Here’s a ready reckoner for you.

Monkeypox symptoms

Dr Anita Mathew, Infectious Disease Specialist, Fortis Hospital, Mulund said that the symptoms of monkeypox include swollen lymph nodes, lesions, low energy, back pain, skin rashes, fever, muscle aches, and intense headaches.

“Generally, the infected person starts getting a rash on the face which resembles the one a smallpox patient gets. The rash, which starts as a little red elevated region later gets filled with blister-like whitish fluid, before drying up and healing. As the WHO describes it as a ‘self-limited disease’ with symptoms lasting from two to four weeks, the virus is clinically less severe,” said Dr Mathew.

Dr Rajiv Dang, senior director and HOD – Internal Medicine and Medical Director, Max Hospital, Gurugram called it a “simple viral illness” which presents like any other viral flu but “associated with it are lymph node enlargement or lymphadenopathy”. “This enlargement can be seen around the neck, which a doctor can examine and detect,” he said.
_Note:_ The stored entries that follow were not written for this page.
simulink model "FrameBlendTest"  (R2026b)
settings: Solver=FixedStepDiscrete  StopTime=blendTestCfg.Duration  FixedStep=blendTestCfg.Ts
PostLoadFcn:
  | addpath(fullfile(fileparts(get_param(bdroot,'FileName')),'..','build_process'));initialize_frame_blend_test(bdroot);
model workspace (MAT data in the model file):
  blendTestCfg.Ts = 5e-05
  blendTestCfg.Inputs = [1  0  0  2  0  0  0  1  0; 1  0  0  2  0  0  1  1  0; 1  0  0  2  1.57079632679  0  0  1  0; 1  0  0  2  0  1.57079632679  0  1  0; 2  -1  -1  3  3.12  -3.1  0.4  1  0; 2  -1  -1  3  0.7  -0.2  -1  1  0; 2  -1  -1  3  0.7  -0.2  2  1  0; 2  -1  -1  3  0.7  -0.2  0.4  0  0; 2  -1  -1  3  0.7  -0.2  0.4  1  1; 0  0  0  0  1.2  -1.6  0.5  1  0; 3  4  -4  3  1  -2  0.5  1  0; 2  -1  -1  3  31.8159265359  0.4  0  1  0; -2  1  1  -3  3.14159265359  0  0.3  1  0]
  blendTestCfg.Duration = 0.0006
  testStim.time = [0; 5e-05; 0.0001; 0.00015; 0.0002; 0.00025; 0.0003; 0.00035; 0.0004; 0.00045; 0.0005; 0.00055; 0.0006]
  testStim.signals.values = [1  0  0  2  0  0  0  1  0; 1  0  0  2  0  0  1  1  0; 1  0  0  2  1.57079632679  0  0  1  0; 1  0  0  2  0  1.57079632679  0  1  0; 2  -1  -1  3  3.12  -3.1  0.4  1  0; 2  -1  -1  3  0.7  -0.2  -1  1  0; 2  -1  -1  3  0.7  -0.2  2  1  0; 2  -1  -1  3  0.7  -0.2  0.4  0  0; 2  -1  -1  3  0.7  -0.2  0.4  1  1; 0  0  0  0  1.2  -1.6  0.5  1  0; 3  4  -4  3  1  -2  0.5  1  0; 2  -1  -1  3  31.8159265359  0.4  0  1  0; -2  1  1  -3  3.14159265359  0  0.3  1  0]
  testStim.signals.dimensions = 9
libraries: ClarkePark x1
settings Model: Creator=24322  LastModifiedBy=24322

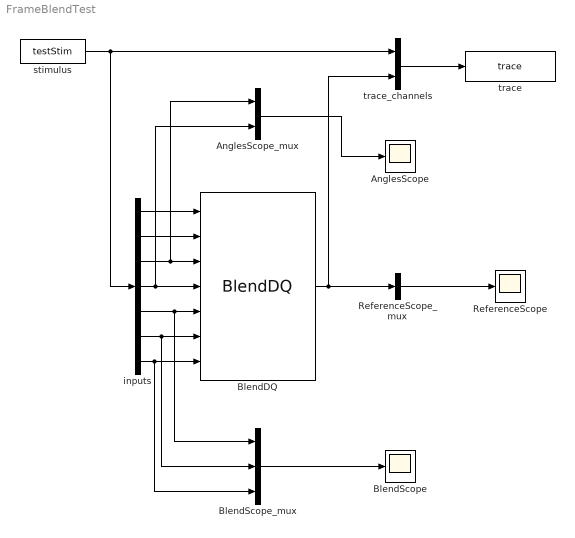
== system FrameBlendTest ==
  AnglesScope : Scope
  AnglesScope_mux : Mux  Inputs=2
  BlendDQ : ClarkePark/BlendDQ  SystemSampleTime=-1  VariantActivationTime=update diagram  EmptyChoice=off  PassThrough=off  PassThroughVariantControl=(default)  EmptyChoiceVariantControl=(default)  AllowFlexibleInterface=on  Latency=0  AutoFrameSizeCalculation=off
  BlendScope : Scope
  BlendScope_mux : Mux  Inputs=3
  ReferenceScope : Scope
  ReferenceScope_mux : Mux  Inputs=1
  inputs : Demux  Outputs=[2 2 1 1 1 1 1]
  stimulus : FromWorkspace  VariableName=testStim  SampleTime=blendTestCfg.Ts  Interpolate=off  OutputAfterFinalValue=Holding final value
  trace : ToWorkspace  VariableName=trace  SaveFormat=Structure With Time  SampleTime=-1
  trace_channels : Mux  Inputs=2
  wires:
  BlendScope_mux/1 -> BlendScope/1
  AnglesScope_mux/1 -> AnglesScope/1
  ReferenceScope_mux/1 -> ReferenceScope/1
  inputs/7 -> BlendDQ/7, BlendScope_mux/3
  inputs/6 -> BlendDQ/6, BlendScope_mux/2
  inputs/5 -> BlendDQ/5, BlendScope_mux/1
  inputs/4 -> AnglesScope_mux/2, BlendDQ/4
  inputs/3 -> BlendDQ/3, AnglesScope_mux/1
  inputs/2 -> BlendDQ/2
  inputs/1 -> BlendDQ/1
  trace_channels/1 -> trace/1
  BlendDQ/1 -> trace_channels/2, ReferenceScope_mux/1
  stimulus/1 -> inputs/1, trace_channels/1
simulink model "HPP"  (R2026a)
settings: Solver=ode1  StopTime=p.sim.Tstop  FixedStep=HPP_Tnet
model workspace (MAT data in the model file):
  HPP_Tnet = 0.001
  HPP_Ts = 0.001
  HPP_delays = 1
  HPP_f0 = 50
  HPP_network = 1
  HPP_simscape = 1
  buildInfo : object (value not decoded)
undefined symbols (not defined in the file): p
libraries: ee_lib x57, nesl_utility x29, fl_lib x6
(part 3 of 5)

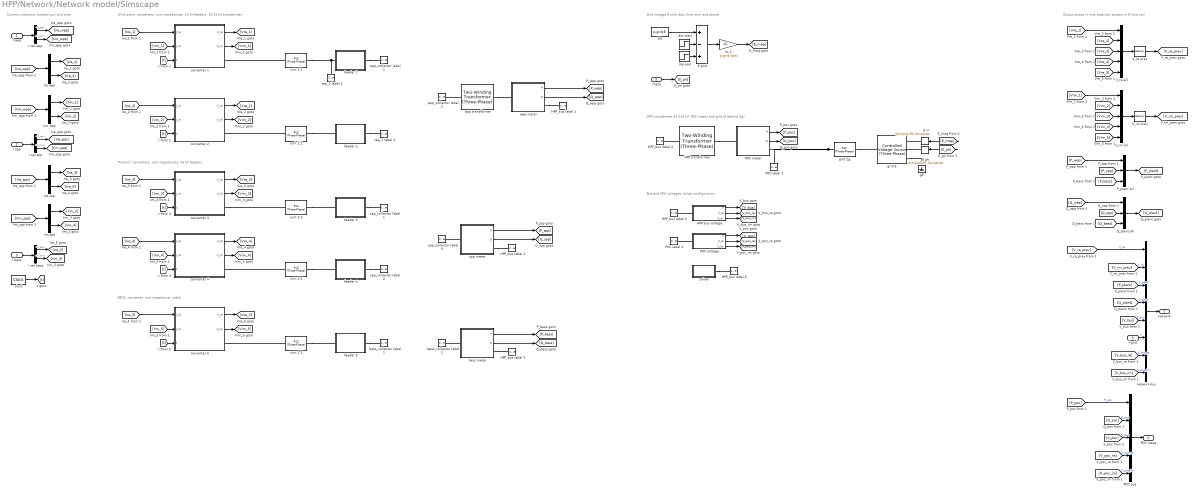
== system HPP/Network/Network model/Simscape ==
  note: Current injections (system pu) and time
  note: Wind plant: converters, unit impedances, 10 kV feeders, 10-33 kV transformer
  note: PV plant: converters, unit impedances, 33 kV feeders
  note: BESS: converter, unit impedance, cable
  note: Grid voltage E with dips (line rms) and phase
  note: HPP transformer 33-132 kV, POC meter and grid (E behind Zg)
  note: Bus and POC voltages, solver configuration
  note: Output buses (V one step old, powers in W and var)
  I wpp : Inport
  I spp : Inport  Port=2
  I bess : Inport  Port=3
  f grid : Inport  Port=4
  theta : Inport  Port=5
  E grid : Sum  Inputs=+-+
  E in : nesl_utility/Simulink-PS Converter  PhysicalDomain=network_engine_domain  SubClassName=ps_input  LeftPortType=input  RightPortType=output  PseudoPeriodic=off  Frequencies=[]  NoiseDistribution=none  NoiseParameters=[]  Unit=V  AffineConversion=off  FilteringAndDerivatives=provide  SimscapeFilterOrder=1  InputFilterTimeConstant=0.001  UdotUserProvided=0
  E ph : nesl_utility/Simulink-PS Converter  PhysicalDomain=network_engine_domain  SubClassName=ps_input  LeftPortType=input  RightPortType=output  PseudoPeriodic=off  Frequencies=[]  NoiseDistribution=none  NoiseParameters=[]  Unit=rad  AffineConversion=off  FilteringAndDerivatives=provide  SimscapeFilterOrder=1  InputFilterTimeConstant=0.001  UdotUserProvided=0
  E0 : Constant  Value=p.grid.E
  HPP bus voltage : Subsystem
  HPP transformer : ee_lib/Passive/Transformers/Two-Winding Transformer (Three-Phase)  SRated=p.net.main.S A*V  FRated=HPP_f0 Hz  Winding1Connection=ee.enum.windingconnection.Yg  VRated1=p.net.Vhpp V  Winding2Connection=ee.enum.windingconnection.Yg  VRated2=p.grid.Vpoc V  CoreType=ee.enum.coretype.threelimb  pu_Rw1=(p.net.main.uk/sqrt(1+p.net.main.XR^2))/2  pu_Rw2=(p.net.main.uk/sqrt(1+p.net.main.XR^2))/2  leakage_reactance_option=ee.enum.transformer_leakage.include  pu_Xl1=(p.net.main.uk/sqrt(1+p.net.main.XR^2))*p.net.main.XR/2  pu_Xl2=(p.net.main.uk/sqrt(1+p.net.main.XR^2))*p.net.main.XR/2  magnetizing_resistance_option=ee.enum.transformer_magnetizingResistance.include  pu_Rm=p.net.main.Rm  magnetizing_reactance_option=ee.enum.transformer_magnetizingReactance.include  saturation_option=ee.enum.transformer_saturation.exclude  pu_Xm=p.net.main.Xm  current_data=[0, .002, 1, 2]  magnetic_flux_data=[0, 1.2, 1.5, 1.51]  pu_X0=0.5  i1_specify=off  i1_priority=None  i1=[0, 0, 0] A  i1_nominal_specify=off  i1_nominal_value=1  i1_nominal_unit=A  i2_specify=off  i2_priority=None  i2=[0, 0, 0] A  i2_nominal_specify=off  i2_nominal_value=1  i2_nominal_unit=A  phi_specify=off  phi_priority=None  phi=[0, 0, 0]  phi_nominal_specify=off  phi_nominal_value=1  phi_nominal_unit=1
  HPP_bus label {1..6} (6 alike) : ConnectionLabel  Label=HPP_bus
  I sel bess : BusSelector  OutputSignals=I_re,I_im
  I sel spp : BusSelector  OutputSignals=I_re,I_im
  I sel wpp : BusSelector  OutputSignals=I_re,I_im
  Iim spp : Demux  Outputs=2
  Iim wpp : Demux  Outputs=2
  Ire spp : Demux  Outputs=2
  Ire wpp : Demux  Outputs=2
  POC bus : BusCreator  Inputs=5
  POC label 1 : ConnectionLabel  Label=POC
  POC label 2 : ConnectionLabel  Label=POC
  POC meter : Subsystem
  POC voltage : Subsystem
  P_plant all : Mux  Inputs=3
  Q_plant all : Mux  Inputs=3
  V_im all : Mux  Inputs=5
  V_im prev : Memory  InitialCondition=zeros(5,1)
  V_re all : Mux  Inputs=5
  V_re prev : Memory  InitialCondition=ones(5,1)
  bess meter : Subsystem
  bess_collector label 1 : ConnectionLabel  Label=bess_collector
  bess_collector label 2 : ConnectionLabel  Label=bess_collector
  clock : DigitalClock  SampleTime=HPP_Ts
  converter 1 : Subsystem
  converter 2 : Subsystem
  converter 3 : Subsystem
  converter 4 : Subsystem
  converter 5 : Subsystem
  dip end : Step  Time=p.grid.dip.t0 + p.grid.dip.dur  FinalValue=p.grid.dip.depth  SampleTime=0
  dip start : Step  Time=p.grid.dip.t0  FinalValue=p.grid.dip.depth  SampleTime=0
  feeder 1 : Subsystem
  feeder 2 : Subsystem
  feeder 3 : Subsystem
  feeder 4 : Subsystem
  feeder 5 : Subsystem
  gE : fl_lib/Electrical/Electrical Elements/Electrical Reference
  grid E : ee_lib/Sources/Controlled Voltage Source (Three-Phase)  input_option=ee.enum.inputType.singleFreqAC  FRated=HPP_f0 Hz
  grid Zg : ee_lib/Passive/RLC Assemblies/RLC (Three-Phase)  port_option=ee.enum.threePhasePort.composite  component_structure=ee.enum.rlc.structure.SeriesRL  R=(p.grid.Vpoc^2/(p.grid.SCR*p.grid.Pmax_poc))/sqrt(1+p.grid.XR^2) Ohm  L=(p.grid.Vpoc^2/(p.grid.SCR*p.grid.Pmax_poc))*p.grid.XR/sqrt(1+p.grid.XR^2)/(2*pi*p.grid.f0) H  C=1e-6 F  R_parasitic=0 Ohm  G_parasitic=0 1/Ohm  IL_specify=off  IL_priority=High  IL=[0, 0, 0] A  IL_nominal_specify=off  IL_nominal_value=1  IL_nominal_unit=A  VC_specify=off  VC_priority=High  VC=[0, 0, 0] V  VC_nominal_specify=off  VC_nominal_value=1  VC_nominal_unit=V
  network bus : BusCreator  Inputs=8
  solver : Subsystem  Description=Simscape solver, chosen per run by HPP_simscape (p.net.simscapeMode): Phasor (1, frequency-and-time mode, step p.sim.Ts) or EMT (2, time mode, step p.net.emtTs). See simscapeMode.  Variant=on
  spp meter : Subsystem
  spp_collector label 1 : ConnectionLabel  Label=spp_collector
  spp_collector label 2 : ConnectionLabel  Label=spp_collector
  spp_collector label 3 : ConnectionLabel  Label=spp_collector
  tap_1 label 1 : ConnectionLabel  Label=tap_1
  tap_1 label 2 : ConnectionLabel  Label=tap_1
  to V : Gain  Gain=p.grid.Vpoc
  unit Z 1 : ee_lib/Passive/RLC Assemblies/RLC (Three-Phase)  port_option=ee.enum.threePhasePort.composite  component_structure=ee.enum.rlc.structure.SeriesRL  R=(p.net.wt.unit.uk*p.net.wt.Vcol^2/(p.net.wt.unit.S*p.wt.nAgg))/sqrt(1+p.net.wt.unit.XR^2) Ohm  L=(p.net.wt.unit.uk*p.net.wt.Vcol^2/(p.net.wt.unit.S*p.wt.nAgg))*p.net.wt.unit.XR/sqrt(1+p.net.wt.unit.XR^2)/(2*pi*p.grid.f0) H  C=1e-6 F  R_parasitic=0 Ohm  G_parasitic=0 1/Ohm  IL_specify=off  IL_priority=High  IL=[0, 0, 0] A  IL_nominal_specify=off  IL_nominal_value=1  IL_nominal_unit=A  VC_specify=off  VC_priority=High  VC=[0, 0, 0] V  VC_nominal_specify=off  VC_nominal_value=1  VC_nominal_unit=V
  unit Z 2 : ee_lib/Passive/RLC Assemblies/RLC (Three-Phase)  port_option=ee.enum.threePhasePort.composite  component_structure=ee.enum.rlc.structure.SeriesRL  R=(p.net.wt.unit.uk*p.net.wt.Vcol^2/(p.net.wt.unit.S*p.wt.nAgg))/sqrt(1+p.net.wt.unit.XR^2) Ohm  L=(p.net.wt.unit.uk*p.net.wt.Vcol^2/(p.net.wt.unit.S*p.wt.nAgg))*p.net.wt.unit.XR/sqrt(1+p.net.wt.unit.XR^2)/(2*pi*p.grid.f0) H  C=1e-6 F  R_parasitic=0 Ohm  G_parasitic=0 1/Ohm  IL_specify=off  IL_priority=High  IL=[0, 0, 0] A  IL_nominal_specify=off  IL_nominal_value=1  IL_nominal_unit=A  VC_specify=off  VC_priority=High  VC=[0, 0, 0] V  VC_nominal_specify=off  VC_nominal_value=1  VC_nominal_unit=V
  unit Z 3 : ee_lib/Passive/RLC Assemblies/RLC (Three-Phase)  port_option=ee.enum.threePhasePort.composite  component_structure=ee.enum.rlc.structure.SeriesRL  R=(p.net.pv.unit.uk*p.net.pv.Vcol^2/(p.net.pv.unit.S*p.pv.nAgg))/sqrt(1+p.net.pv.unit.XR^2) Ohm  L=(p.net.pv.unit.uk*p.net.pv.Vcol^2/(p.net.pv.unit.S*p.pv.nAgg))*p.net.pv.unit.XR/sqrt(1+p.net.pv.unit.XR^2)/(2*pi*p.grid.f0) H  C=1e-6 F  R_parasitic=0 Ohm  G_parasitic=0 1/Ohm  IL_specify=off  IL_priority=High  IL=[0, 0, 0] A  IL_nominal_specify=off  IL_nominal_value=1  IL_nominal_unit=A  VC_specify=off  VC_priority=High  VC=[0, 0, 0] V  VC_nominal_specify=off  VC_nominal_value=1  VC_nominal_unit=V
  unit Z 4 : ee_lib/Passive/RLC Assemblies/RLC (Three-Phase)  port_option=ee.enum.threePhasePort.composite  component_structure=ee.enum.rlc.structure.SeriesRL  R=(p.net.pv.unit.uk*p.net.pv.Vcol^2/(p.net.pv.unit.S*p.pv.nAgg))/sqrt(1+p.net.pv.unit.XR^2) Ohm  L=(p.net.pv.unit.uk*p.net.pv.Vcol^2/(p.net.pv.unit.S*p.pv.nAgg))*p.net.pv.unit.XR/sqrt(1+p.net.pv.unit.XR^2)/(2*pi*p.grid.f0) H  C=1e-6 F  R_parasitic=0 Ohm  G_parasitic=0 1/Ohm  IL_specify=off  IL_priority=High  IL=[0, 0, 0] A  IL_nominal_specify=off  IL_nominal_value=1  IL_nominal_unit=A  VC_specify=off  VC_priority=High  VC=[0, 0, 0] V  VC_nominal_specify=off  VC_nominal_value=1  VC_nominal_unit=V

How does monkeypox spread?

Monkeypox virus is transmitted from infected animals to humans via indirect or direct contact. Human-to-human transmission can occur through direct contact with infectious skin or lesions, including face-to-face, skin-to-skin, and respiratory droplets, according to WHO.

The monkeypox virus is a slow-mutating DNA virus that is spread through large respiratory droplets and requires prolonged close contact with a patient for transmission. (Representative/Wiki Commons)

WHO notes that in the current outbreak, countries and amongst the reported monkeypox cases, “transmission appears to be occurring primarily through close physical contact, including sexual contact”. “Transmission can also occur from contaminated materials such as linens, bedding, electronics, clothing, that have infectious skin particles,” it notes.

What can be done?

With regards to the treatment, no proven methods exist and symptomatic treatment is followed, Dr Mathew said.

“If any individual gets in contact with a person showing symptoms of monkeypox, one should isolate themselves for three to four weeks. Also, we need to continue following hygiene practices like frequent washing of hands, masking, and social distancing. Following correct precautionary measures and proctors will help us control the further spread of the virus,” Dr Mathew advised.